What is expected:
Below are entries. Reproduce exactly the lines between the line holding "#28=CARTESIAN_POINT('',(11.5,78.6,-35.5));" and the line holding "#57=FACE_BOUND('',#56,.T.);", inclusive, and only those.

BEGIN Supplied records

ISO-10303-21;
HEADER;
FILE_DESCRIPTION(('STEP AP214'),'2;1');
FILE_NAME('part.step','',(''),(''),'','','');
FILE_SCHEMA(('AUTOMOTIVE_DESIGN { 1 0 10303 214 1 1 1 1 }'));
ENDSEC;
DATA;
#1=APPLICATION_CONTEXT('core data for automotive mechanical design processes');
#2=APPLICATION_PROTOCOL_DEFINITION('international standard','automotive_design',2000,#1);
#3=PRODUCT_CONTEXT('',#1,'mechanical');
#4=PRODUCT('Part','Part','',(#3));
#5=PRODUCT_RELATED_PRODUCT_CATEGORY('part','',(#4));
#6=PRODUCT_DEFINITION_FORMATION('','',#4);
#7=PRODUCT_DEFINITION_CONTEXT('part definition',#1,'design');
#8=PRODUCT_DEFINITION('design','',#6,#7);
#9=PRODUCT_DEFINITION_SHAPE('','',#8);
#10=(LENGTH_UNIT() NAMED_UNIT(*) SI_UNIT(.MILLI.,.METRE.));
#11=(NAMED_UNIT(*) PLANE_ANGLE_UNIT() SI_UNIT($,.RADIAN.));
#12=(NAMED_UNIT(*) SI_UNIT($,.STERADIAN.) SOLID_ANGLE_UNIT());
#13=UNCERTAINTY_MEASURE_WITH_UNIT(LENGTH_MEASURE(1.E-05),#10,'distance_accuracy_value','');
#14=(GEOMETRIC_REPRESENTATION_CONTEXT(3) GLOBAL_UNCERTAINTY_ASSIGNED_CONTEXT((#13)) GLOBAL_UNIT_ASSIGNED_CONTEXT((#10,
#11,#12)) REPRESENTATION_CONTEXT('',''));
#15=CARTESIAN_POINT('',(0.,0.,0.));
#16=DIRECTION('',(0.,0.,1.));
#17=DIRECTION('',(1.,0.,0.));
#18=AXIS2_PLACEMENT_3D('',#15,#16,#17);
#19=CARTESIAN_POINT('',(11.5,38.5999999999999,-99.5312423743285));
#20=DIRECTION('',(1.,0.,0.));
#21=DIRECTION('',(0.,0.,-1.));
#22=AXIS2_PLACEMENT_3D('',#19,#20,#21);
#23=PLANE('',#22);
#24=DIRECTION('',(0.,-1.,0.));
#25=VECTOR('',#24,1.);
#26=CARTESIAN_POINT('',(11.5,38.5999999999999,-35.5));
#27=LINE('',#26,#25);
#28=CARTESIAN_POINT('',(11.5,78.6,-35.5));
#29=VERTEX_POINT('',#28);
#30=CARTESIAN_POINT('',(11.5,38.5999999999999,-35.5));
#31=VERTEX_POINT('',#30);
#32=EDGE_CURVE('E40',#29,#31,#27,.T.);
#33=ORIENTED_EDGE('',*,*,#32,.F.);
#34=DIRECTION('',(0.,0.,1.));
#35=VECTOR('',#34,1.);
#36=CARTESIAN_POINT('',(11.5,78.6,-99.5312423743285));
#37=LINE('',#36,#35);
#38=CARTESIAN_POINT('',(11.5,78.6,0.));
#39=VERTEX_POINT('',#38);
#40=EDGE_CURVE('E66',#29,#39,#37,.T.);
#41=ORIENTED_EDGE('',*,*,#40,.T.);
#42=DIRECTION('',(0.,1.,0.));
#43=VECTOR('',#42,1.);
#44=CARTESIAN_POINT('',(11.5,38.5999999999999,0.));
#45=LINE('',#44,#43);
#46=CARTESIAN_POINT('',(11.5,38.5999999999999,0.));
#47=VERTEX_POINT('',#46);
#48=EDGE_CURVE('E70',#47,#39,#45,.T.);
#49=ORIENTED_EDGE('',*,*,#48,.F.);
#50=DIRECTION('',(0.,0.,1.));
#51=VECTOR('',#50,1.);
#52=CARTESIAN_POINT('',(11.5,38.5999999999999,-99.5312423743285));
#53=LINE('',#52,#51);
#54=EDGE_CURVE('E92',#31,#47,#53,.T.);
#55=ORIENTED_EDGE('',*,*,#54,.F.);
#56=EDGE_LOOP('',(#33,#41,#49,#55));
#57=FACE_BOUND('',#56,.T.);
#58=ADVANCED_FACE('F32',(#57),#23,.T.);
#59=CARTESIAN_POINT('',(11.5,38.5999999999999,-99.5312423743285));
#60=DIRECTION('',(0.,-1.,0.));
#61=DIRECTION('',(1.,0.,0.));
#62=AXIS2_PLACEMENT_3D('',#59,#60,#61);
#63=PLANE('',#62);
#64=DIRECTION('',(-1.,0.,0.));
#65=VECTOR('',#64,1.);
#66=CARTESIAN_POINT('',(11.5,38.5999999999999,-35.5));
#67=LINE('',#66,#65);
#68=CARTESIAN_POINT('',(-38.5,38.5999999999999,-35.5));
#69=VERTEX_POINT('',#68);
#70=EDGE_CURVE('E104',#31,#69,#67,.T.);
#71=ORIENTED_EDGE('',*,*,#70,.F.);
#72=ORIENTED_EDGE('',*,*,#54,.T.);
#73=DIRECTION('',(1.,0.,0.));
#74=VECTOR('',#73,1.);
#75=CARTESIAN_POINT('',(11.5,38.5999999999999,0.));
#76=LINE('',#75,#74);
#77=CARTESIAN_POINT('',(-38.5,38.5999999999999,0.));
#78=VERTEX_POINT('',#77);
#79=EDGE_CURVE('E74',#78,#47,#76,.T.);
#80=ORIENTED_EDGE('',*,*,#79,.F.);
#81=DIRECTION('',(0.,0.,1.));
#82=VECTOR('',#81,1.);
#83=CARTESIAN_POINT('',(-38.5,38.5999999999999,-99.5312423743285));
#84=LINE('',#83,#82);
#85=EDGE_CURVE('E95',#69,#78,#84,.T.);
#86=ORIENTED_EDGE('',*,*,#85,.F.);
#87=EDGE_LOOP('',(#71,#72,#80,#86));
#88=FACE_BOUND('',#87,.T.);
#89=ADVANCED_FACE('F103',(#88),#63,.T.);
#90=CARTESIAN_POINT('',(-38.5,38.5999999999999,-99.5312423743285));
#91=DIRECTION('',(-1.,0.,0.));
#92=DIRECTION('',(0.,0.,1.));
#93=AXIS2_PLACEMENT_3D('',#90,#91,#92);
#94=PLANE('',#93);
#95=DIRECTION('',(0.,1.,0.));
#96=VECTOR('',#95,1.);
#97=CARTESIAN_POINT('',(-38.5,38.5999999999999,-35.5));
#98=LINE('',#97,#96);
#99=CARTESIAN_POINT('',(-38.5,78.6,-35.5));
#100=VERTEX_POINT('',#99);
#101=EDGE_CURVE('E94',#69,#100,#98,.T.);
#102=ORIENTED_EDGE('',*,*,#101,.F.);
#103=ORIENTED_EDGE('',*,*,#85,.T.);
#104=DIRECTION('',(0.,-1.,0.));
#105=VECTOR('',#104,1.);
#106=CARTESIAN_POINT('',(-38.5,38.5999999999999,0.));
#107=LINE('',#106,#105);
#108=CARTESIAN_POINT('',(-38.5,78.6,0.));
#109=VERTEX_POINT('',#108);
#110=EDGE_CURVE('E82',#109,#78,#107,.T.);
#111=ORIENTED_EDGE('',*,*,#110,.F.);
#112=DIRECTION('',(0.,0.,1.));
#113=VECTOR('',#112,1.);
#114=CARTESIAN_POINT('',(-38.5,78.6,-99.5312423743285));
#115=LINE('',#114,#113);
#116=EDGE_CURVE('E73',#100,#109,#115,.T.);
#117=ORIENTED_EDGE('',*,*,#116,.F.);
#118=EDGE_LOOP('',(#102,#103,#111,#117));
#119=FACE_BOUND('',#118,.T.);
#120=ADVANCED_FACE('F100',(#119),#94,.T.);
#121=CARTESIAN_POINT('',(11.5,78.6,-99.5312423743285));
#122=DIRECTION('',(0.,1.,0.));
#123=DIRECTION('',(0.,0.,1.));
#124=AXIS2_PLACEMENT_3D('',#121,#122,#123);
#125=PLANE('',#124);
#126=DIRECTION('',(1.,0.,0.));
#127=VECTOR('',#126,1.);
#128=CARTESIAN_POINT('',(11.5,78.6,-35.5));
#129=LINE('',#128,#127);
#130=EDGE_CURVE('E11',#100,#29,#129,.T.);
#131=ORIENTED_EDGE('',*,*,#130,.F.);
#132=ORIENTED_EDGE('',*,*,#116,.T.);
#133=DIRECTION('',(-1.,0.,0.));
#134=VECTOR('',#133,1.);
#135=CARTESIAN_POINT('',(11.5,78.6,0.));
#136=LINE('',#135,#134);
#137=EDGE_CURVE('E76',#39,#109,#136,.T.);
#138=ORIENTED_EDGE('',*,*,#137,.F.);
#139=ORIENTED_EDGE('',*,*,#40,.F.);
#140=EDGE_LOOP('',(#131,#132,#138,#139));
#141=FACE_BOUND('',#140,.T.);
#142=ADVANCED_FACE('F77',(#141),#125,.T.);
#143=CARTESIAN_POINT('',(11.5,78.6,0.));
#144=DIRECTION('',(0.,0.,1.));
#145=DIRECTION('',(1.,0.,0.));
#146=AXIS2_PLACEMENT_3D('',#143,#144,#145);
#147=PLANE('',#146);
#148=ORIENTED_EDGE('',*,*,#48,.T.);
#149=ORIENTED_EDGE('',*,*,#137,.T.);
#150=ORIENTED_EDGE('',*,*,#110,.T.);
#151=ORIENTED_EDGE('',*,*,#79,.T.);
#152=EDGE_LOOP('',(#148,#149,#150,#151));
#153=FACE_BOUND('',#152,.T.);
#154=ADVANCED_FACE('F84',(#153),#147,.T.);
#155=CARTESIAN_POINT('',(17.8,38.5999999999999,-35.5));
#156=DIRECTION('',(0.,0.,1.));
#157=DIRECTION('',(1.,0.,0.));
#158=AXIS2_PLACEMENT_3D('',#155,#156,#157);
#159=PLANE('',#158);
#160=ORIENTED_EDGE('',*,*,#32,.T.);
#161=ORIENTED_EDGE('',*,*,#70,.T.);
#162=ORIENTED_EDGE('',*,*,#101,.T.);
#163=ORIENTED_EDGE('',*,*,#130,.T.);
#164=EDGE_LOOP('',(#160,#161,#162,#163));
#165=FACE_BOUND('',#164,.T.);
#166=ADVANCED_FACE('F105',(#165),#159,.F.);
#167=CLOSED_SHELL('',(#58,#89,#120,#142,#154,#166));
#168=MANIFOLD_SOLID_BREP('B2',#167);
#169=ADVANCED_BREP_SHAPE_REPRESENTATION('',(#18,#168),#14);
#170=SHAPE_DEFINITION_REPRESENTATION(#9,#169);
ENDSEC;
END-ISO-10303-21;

END Supplied records

Worked solution:
#28=CARTESIAN_POINT('',(11.5,78.6,-35.5));
#29=VERTEX_POINT('',#28);
#30=CARTESIAN_POINT('',(11.5,38.5999999999999,-35.5));
#31=VERTEX_POINT('',#30);
#32=EDGE_CURVE('E40',#29,#31,#27,.T.);
#33=ORIENTED_EDGE('',*,*,#32,.F.);
#34=DIRECTION('',(0.,0.,1.));
#35=VECTOR('',#34,1.);
#36=CARTESIAN_POINT('',(11.5,78.6,-99.5312423743285));
#37=LINE('',#36,#35);
#38=CARTESIAN_POINT('',(11.5,78.6,0.));
#39=VERTEX_POINT('',#38);
#40=EDGE_CURVE('E66',#29,#39,#37,.T.);
#41=ORIENTED_EDGE('',*,*,#40,.T.);
#42=DIRECTION('',(0.,1.,0.));
#43=VECTOR('',#42,1.);
#44=CARTESIAN_POINT('',(11.5,38.5999999999999,0.));
#45=LINE('',#44,#43);
#46=CARTESIAN_POINT('',(11.5,38.5999999999999,0.));
#47=VERTEX_POINT('',#46);
#48=EDGE_CURVE('E70',#47,#39,#45,.T.);
#49=ORIENTED_EDGE('',*,*,#48,.F.);
#50=DIRECTION('',(0.,0.,1.));
#51=VECTOR('',#50,1.);
#52=CARTESIAN_POINT('',(11.5,38.5999999999999,-99.5312423743285));
#53=LINE('',#52,#51);
#54=EDGE_CURVE('E92',#31,#47,#53,.T.);
#55=ORIENTED_EDGE('',*,*,#54,.F.);
#56=EDGE_LOOP('',(#33,#41,#49,#55));
#57=FACE_BOUND('',#56,.T.);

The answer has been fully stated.